TCI’s argument lacks merit, for it flies in the face of the clear statutory language and established agency practice to the contrary. The Court addressed precisely this question in
Information Resources Inc. v. United States,
676 F.Supp. 293 (D.D.C.1987) and
Bendix Field Engineering v. United States,
No. 91-2733 (D.D.C., Nov. 15, 1991). Specifically, the
Information Resources
Court found that, given the statutory provisions codified at 31 U.S.C. § 3553, the phrase “notice of a protest under this section” “refers to notice from the Comptroller General.”
Information Resources,
676 F.Supp. at 296. Notice furnished to the agency by the protestor does not activate the mandatory stay provision.
Id.
The reasoning in these cases is persuasive, as this interpretation of the statute is the only interpretation which does not render § 3553(b)(1) meaningless. Moreover, this interpretation is buttressed by agency’s own unambiguous regulatory provisions.
See
4 C.F.R. 21.4(b) (“When the contracting agency receives notice of a protest
from the General Accounting Office
after award of a contract, but within 10 days of the date of contract award, it shall immediately direct the contractor to cease contract performance ... ”) (emphasis added). Also, as the
Information Resources
Court pointed out, 676 F.Supp. at 296, n. 4, there is a valid policy-based justification for requiring notification directly from the GAO; pursuant to 31 U.S.C. § 3554(a)(3), GAO can dismiss frivolous protests sua sponte in order to prevent unnecessary disruption of on-going contracts. Permitting a protestor’s direct notification to the agency to halt an on-going contract would eviscerate GAO’s ability to protect the procurement process from unnecessary delay.
TCI contends that this interpretation of the statute deprives protestors of the full ten days within which to receive the benefit of the mandatory stay provisions.
See
Memorandum in Support of Plaintiff’s Request for a Permanent Injunction and An Order Directing Award of a Contract to TCI at 17. TCI is correct that there may exist situations, such as this one, in which protestors do not receive the benefit of the full ten days allotted by statute. However, this fact does not justify interpreting the statute and regulatory provisions in derogation of the clear language therein.

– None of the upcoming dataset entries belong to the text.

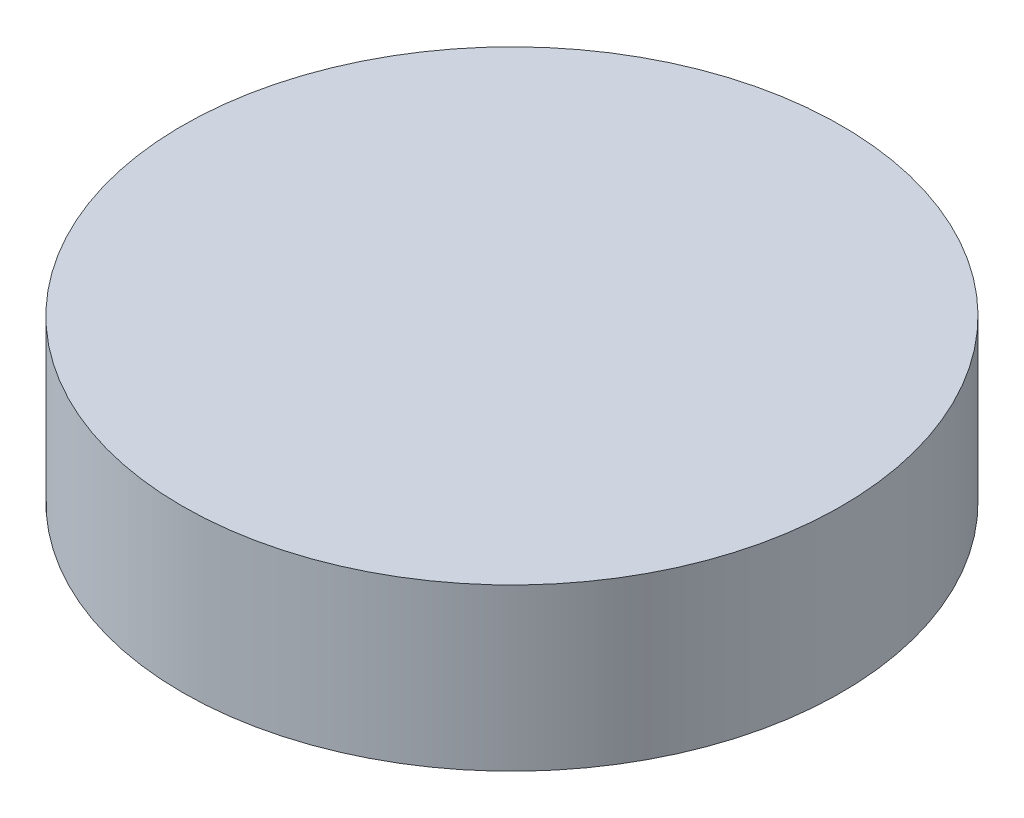
from build123d import *

# Parameters (mm, degrees)
SKETCH1_R           = 38
BOSS_EXTRUDE1_DEPTH = 18.6


with BuildPart() as part:
    # Sketch1 → Boss-Extrude1 (new body)
    with BuildSketch(Plane(origin=(0, 0, 0), x_dir=(1, 0, 0), z_dir=(0, 1, 0))):
        with Locations(Location((0, 0, 0), (0, 0, 270))):
            Circle(SKETCH1_R)
    extrude(amount=BOSS_EXTRUDE1_DEPTH)


solid = part.part

Cf. West Virginia University Hospitals, Inc. v. Casey,
— U.S. -, 111 S.Ct. 1138, 1148, 113 L.Ed.2d 68 (1991). Moreover, by empowering the GAO to dismiss meritless protests sua sponte, Congress arguably envisioned situations in which protestors would not receive the benefit of the mandatory stay, even when the protest is filed within the ten (10) day period. Furthermore, Congress did not intend for protestors to enjoy the benefit of the full ten (10) day period at the expense of an orderly and fair procurement process. By including the GAO in the notification scheme established by the statute, Congress arguably determined that there was a need for a clearly-defined “chain of command” for notification purposes. In essence, the statute encourages the GAO to employ orderly procedures for the imposition of an injunction on contract performance. Without clearly-defined procedures, the GAO could be embroiled in endless disputes as to when, and whether, notice was received by the agen
cy, further disrupting the procurement process.
CONCLUSION
Upon consideration of the arguments of the parties at the Hearing on the Merits, the record herein and the applicable law, the Court finds that the agency did not act irrationally and did not violate applicable law and regulations in awarding the contract to Defendant-Intervenor Andrew-Canada, Inc. The Court further finds that, upon learning of the protest filed by Plaintiff TCI, Inc., the Navy had a valid legal basis upon which to refuse to suspend contract performance. Accordingly, the Plaintiffs request for permanent injunction and for award of the contract shall be denied and the above-captioned case shall be dismissed.